In short, this republic—the longest lived on the planet, disregarding all the chatter about America being a young nation—has proven itself worth preserving. It is our duty to learn how it works and keep it functioning well. Blaming our leaders for being poor when they come from the people is a little… oblivious. 

Especially among those my age and younger, I fear we have irrevocably lost this. Many regard America as just another country in a big world. A failed state. A bad experiment. A young nation and a dumb people fully ignorant of the world. Blah blah blah. 

I fully reject all of that. 

Our cure-all can be found in the answer to two questions: (1) What do we want to accomplish as a nation?; and (2) What do we need in order to accomplish it? 

Serving as a beacon for the disenfranchised causes in the world and sanctioning everyone who does not agree is not working. Perhaps we should again aspire to be a beacon of faith in God and give ourselves over to divine providence. That worked well for the first 200 years, and the Postmodern alternative has proven a poor substitute in the last 49. 

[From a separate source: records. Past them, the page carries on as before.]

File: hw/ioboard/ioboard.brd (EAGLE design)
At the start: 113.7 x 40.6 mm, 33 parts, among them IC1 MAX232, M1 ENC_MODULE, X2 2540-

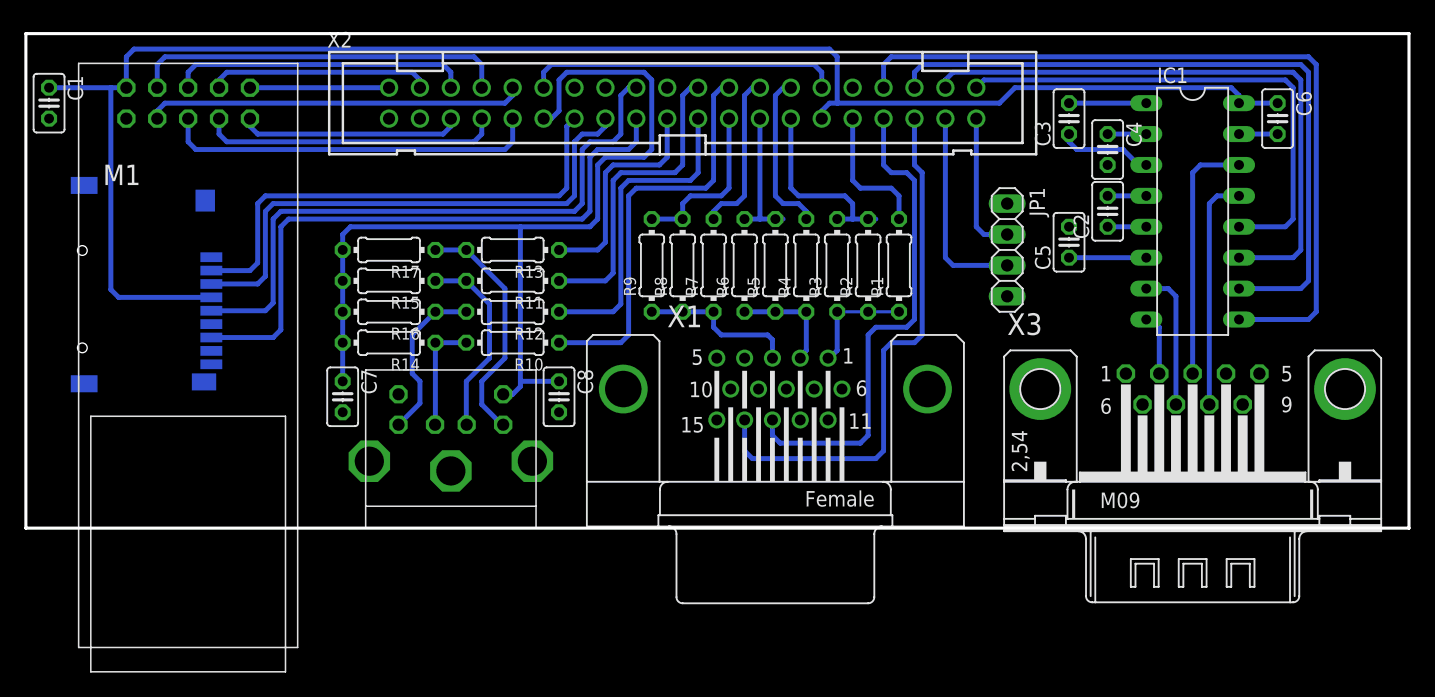
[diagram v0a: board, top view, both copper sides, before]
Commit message: New version of IO board - fix issue #2 but remove SD card and ethernet ... not need at this time anyway
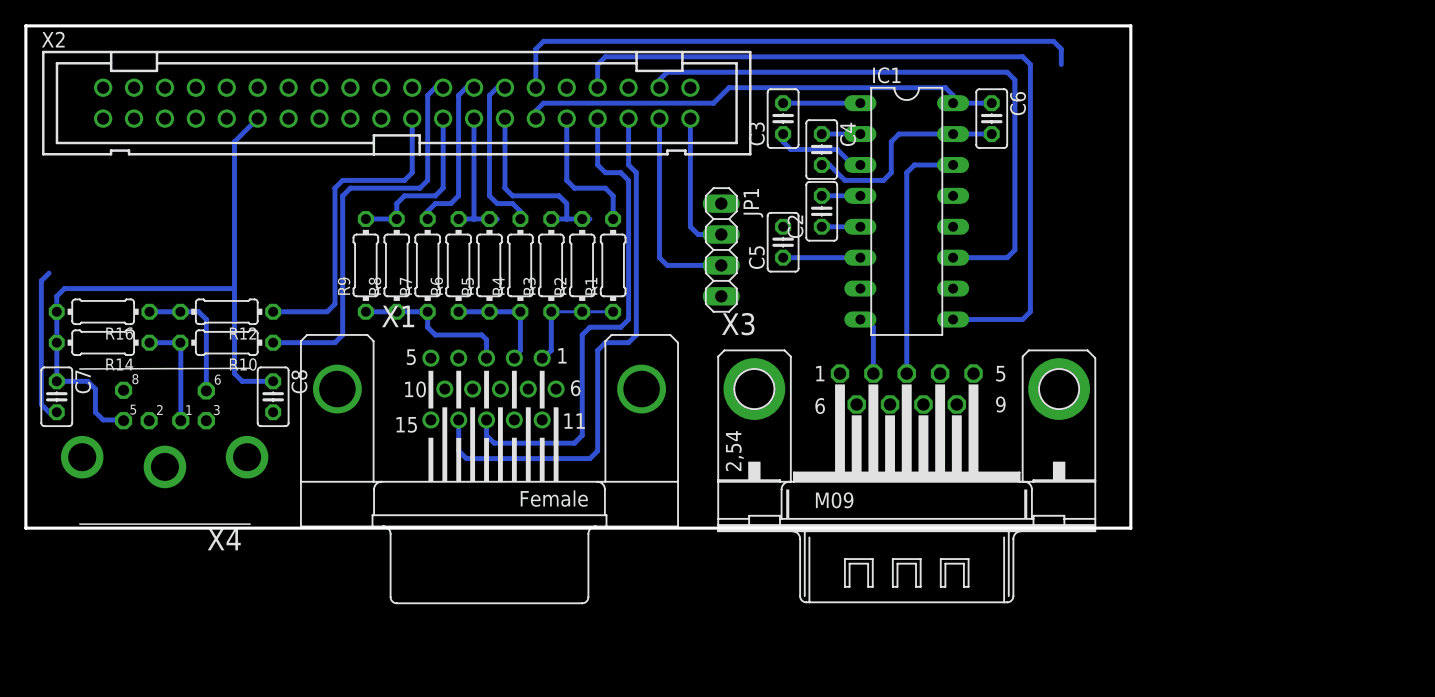
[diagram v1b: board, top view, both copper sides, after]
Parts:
- removed C1: 100nF, rcl:C025-025X050
- removed M1: ENC_MODULE, VladisLib:ENC28J60-MODULE
- removed R11, R13: 120, rcl:0204/7
- removed R15, R17: 2k2, rcl:0204/7
- removed U$1: MINIDIN_6, VladisLib:MINIDIN_6_3GND
- removed U$2: MICROSD_PP, DE1594-v2:MICROSD_PP
- added X4: (no value), mini_din:M_DIN6
- moved C2 23.5 mm to (65.4, 26.0)
- moved C4 23.5 mm to (65.4, 31.1)
- moved C6 23.5 mm to (79.4, 33.7)
- moved IC1 23.5 mm to (72.4, 26.0)
- moved R2 23.5 mm to (45.7, 21.6)
- moved R4 23.5 mm to (40.6, 21.6)
- moved X3 23.5 mm to (72.4, 11.4)
- moved C7 23.5 mm to (2.54, 10.8)
- moved R10 23.5 mm to (16.5, 15.2)
- moved R12 23.5 mm to (16.5, 17.8)
- moved R8 23.5 mm to (30.5, 21.6)
- moved R9 23.5 mm to (27.9, 21.6)
- moved X2 23.5 mm to (30.5, 34.9)
- moved C3 23.5 mm to (62.2, 33.7)
- moved C5 23.5 mm to (62.2, 23.5)
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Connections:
- removed net CTS: IC1.13, X3.8
- removed net ENC_CLK: M1.P$1, X2.2
- removed net ENC_CS: M1.P$7, X2.8
- removed net ENC_INT: M1.P$2, X2.5
- removed net ENC_RES: M1.P$8, X2.10
- removed net ENC_SCK: M1.P$6, X2.9
- removed net ENC_SI: M1.P$5, X2.6
- removed net ENC_SO: M1.P$4, X2.7
- removed net ENC_WOL: M1.P$3, X2.4
- removed net MS_CLK: R13.1, X2.19
- removed net MS_DAT: R11.1, X2.22
- removed net N$3: R12.2, R16.1, U$1.5
- removed net N$4: R13.2, R17.1, U$1.6
- removed net RTS: IC1.7, X3.7
- removed net SD_CS: U$2.2, X2.13
- removed net SD_DI: U$2.3, X2.15
- removed net SD_DO: U$2.7, X2.17
- removed net SD_SCK: U$2.5, X2.18
- removed net UART1_CTS: IC1.12, X2.40
- removed net UART1_RTS: IC1.10, X2.36
- net +3V3: no longer C1.1, M1.P$9, U$2.4
- net +5V: now also X4.5; no longer R15.2, R17.2, U$1.4
- net GND: now also X4.3, X4.SH1, X4.SH2, X4.SH3; no longer C1.2, M1.P$10, U$1.3, U$1.CASE1, U$1.CASE2, U$1.SHIELDING, U$2.6, U$2.GND@1, U$2.GND@2, U$2.GND@3, U$2.GND@4
- net N$1: now also R12.2, R16.1, X4.6; no longer R10.2, R14.1, U$1.1
- net N$2: now also R10.2, R14.1, X4.1; no longer R11.2, R15.1, U$1.2
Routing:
- net +3V3: track 136.5 -> 39.8 mm
- net UART1_RTS: track 57.3 -> 0.00 mm
- net SD_DO: track 51.1 -> 0.00 mm
- net SD_SCK: track 51.0 -> 0.00 mm
- net GND: track 29.1 -> 78.3 mm
- net SD_DI: track 44.1 -> 0.00 mm
- net UART1_CTS: track 42.1 -> 0.00 mm
- net SD_CS: track 40.8 -> 0.00 mm
- net ENC_SCK: track 31.6 -> 0.00 mm
- net ENC_CS: track 31.0 -> 0.00 mm
- net ENC_RES: track 31.0 -> 0.00 mm
- net MS_DAT: track 25.8 -> 0.00 mm
- net ENC_SI: track 24.7 -> 0.00 mm
- net ENC_SO: track 24.7 -> 0.00 mm
- net +5V: track 78.9 -> 55.0 mm
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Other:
- board size 113.7 x 40.6 mm -> 90.8 x 41.3 mm

I have spent my entire adult life shying away from this idea and these words, because in the circles I have inhabited, expressing these types of beliefs marks you as a superstitious, science-rejecting, irrational idiot. I do not think I am those. 

But, as I stated at the start of this post, play it safe long enough and you always lose. For the future of the country and the children who will inherit it, I pray enough people are committed to similar ideals. 

Time will tell. Either way, God will see us through. That has not changed since the 1630s (or the beginning of time).